[Saved entries]
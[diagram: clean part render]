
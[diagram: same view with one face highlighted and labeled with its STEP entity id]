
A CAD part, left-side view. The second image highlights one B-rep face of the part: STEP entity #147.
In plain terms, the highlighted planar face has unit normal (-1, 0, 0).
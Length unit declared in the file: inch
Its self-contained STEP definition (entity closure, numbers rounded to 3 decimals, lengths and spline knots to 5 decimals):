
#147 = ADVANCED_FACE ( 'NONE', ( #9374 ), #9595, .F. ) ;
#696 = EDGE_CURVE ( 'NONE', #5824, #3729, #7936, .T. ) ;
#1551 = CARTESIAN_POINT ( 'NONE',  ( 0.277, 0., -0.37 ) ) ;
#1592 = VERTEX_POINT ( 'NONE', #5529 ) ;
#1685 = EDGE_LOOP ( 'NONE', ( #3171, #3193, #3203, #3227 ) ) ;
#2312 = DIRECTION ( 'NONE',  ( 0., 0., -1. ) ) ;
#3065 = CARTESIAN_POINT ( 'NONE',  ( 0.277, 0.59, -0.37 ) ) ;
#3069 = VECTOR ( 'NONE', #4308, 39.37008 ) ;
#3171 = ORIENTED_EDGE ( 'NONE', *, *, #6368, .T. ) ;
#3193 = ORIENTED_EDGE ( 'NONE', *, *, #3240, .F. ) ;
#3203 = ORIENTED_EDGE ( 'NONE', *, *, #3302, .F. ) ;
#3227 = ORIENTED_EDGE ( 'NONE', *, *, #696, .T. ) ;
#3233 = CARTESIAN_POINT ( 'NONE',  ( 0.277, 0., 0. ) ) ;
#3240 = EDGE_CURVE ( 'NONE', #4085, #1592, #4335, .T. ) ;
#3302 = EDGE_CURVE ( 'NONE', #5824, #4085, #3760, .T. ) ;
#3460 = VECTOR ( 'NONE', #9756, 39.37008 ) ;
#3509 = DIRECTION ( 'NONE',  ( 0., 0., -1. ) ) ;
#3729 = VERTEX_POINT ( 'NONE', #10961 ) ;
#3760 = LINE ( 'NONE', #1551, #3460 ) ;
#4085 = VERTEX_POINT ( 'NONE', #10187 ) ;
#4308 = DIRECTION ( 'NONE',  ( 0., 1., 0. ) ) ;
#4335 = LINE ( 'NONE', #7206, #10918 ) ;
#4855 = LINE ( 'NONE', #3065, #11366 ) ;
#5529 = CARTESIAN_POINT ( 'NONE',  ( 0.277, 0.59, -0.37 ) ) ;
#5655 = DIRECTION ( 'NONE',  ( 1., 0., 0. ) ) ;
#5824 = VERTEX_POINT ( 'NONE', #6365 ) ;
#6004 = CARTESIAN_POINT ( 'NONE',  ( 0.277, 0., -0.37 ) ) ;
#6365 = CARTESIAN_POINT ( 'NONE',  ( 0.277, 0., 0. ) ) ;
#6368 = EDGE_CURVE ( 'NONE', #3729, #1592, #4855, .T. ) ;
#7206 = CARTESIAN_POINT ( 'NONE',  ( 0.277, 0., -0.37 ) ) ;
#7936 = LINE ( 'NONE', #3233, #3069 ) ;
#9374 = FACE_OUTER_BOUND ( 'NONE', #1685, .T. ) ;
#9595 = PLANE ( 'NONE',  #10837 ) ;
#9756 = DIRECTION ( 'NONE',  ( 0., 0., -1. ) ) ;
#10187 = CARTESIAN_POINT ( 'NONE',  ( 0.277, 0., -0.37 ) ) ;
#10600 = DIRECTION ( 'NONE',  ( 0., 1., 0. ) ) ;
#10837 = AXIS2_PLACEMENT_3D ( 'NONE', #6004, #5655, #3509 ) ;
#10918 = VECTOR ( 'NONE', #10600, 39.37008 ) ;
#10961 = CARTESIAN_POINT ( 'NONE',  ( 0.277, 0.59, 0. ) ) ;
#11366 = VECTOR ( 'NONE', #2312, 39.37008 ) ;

» **EXERCISE OBJECTIVE**:
Make an exact copy of all the data.

» **EXERCISE RESULT**:
[diagram: clean part render]
[diagram: same view with one face highlighted and labeled with its STEP entity id]
A CAD part, left-side view. The second image highlights one B-rep face of the part: STEP entity #147.
In plain terms, the highlighted planar face has unit normal (-1, 0, 0).
Length unit declared in the file: inch
Its self-contained STEP definition (entity closure, numbers rounded to 3 decimals, lengths and spline knots to 5 decimals):
#147 = ADVANCED_FACE ( 'NONE', ( #9374 ), #9595, .F. ) ;
#696 = EDGE_CURVE ( 'NONE', #5824, #3729, #7936, .T. ) ;
#1551 = CARTESIAN_POINT ( 'NONE',  ( 0.277, 0., -0.37 ) ) ;
#1592 = VERTEX_POINT ( 'NONE', #5529 ) ;
#1685 = EDGE_LOOP ( 'NONE', ( #3171, #3193, #3203, #3227 ) ) ;
#2312 = DIRECTION ( 'NONE',  ( 0., 0., -1. ) ) ;
#3065 = CARTESIAN_POINT ( 'NONE',  ( 0.277, 0.59, -0.37 ) ) ;
#3069 = VECTOR ( 'NONE', #4308, 39.37008 ) ;
#3171 = ORIENTED_EDGE ( 'NONE', *, *, #6368, .T. ) ;
#3193 = ORIENTED_EDGE ( 'NONE', *, *, #3240, .F. ) ;
#3203 = ORIENTED_EDGE ( 'NONE', *, *, #3302, .F. ) ;
#3227 = ORIENTED_EDGE ( 'NONE', *, *, #696, .T. ) ;
#3233 = CARTESIAN_POINT ( 'NONE',  ( 0.277, 0., 0. ) ) ;
#3240 = EDGE_CURVE ( 'NONE', #4085, #1592, #4335, .T. ) ;
#3302 = EDGE_CURVE ( 'NONE', #5824, #4085, #3760, .T. ) ;
#3460 = VECTOR ( 'NONE', #9756, 39.37008 ) ;
#3509 = DIRECTION ( 'NONE',  ( 0., 0., -1. ) ) ;
#3729 = VERTEX_POINT ( 'NONE', #10961 ) ;
#3760 = LINE ( 'NONE', #1551, #3460 ) ;
#4085 = VERTEX_POINT ( 'NONE', #10187 ) ;
#4308 = DIRECTION ( 'NONE',  ( 0., 1., 0. ) ) ;
#4335 = LINE ( 'NONE', #7206, #10918 ) ;
#4855 = LINE ( 'NONE', #3065, #11366 ) ;
#5529 = CARTESIAN_POINT ( 'NONE',  ( 0.277, 0.59, -0.37 ) ) ;
#5655 = DIRECTION ( 'NONE',  ( 1., 0., 0. ) ) ;
#5824 = VERTEX_POINT ( 'NONE', #6365 ) ;
#6004 = CARTESIAN_POINT ( 'NONE',  ( 0.277, 0., -0.37 ) ) ;
#6365 = CARTESIAN_POINT ( 'NONE',  ( 0.277, 0., 0. ) ) ;
#6368 = EDGE_CURVE ( 'NONE', #3729, #1592, #4855, .T. ) ;
#7206 = CARTESIAN_POINT ( 'NONE',  ( 0.277, 0., -0.37 ) ) ;
#7936 = LINE ( 'NONE', #3233, #3069 ) ;
#9374 = FACE_OUTER_BOUND ( 'NONE', #1685, .T. ) ;
#9595 = PLANE ( 'NONE',  #10837 ) ;
#9756 = DIRECTION ( 'NONE',  ( 0., 0., -1. ) ) ;
#10187 = CARTESIAN_POINT ( 'NONE',  ( 0.277, 0., -0.37 ) ) ;
#10600 = DIRECTION ( 'NONE',  ( 0., 1., 0. ) ) ;
#10837 = AXIS2_PLACEMENT_3D ( 'NONE', #6004, #5655, #3509 ) ;
#10918 = VECTOR ( 'NONE', #10600, 39.37008 ) ;
#10961 = CARTESIAN_POINT ( 'NONE',  ( 0.277, 0.59, 0. ) ) ;
#11366 = VECTOR ( 'NONE', #2312, 39.37008 ) ;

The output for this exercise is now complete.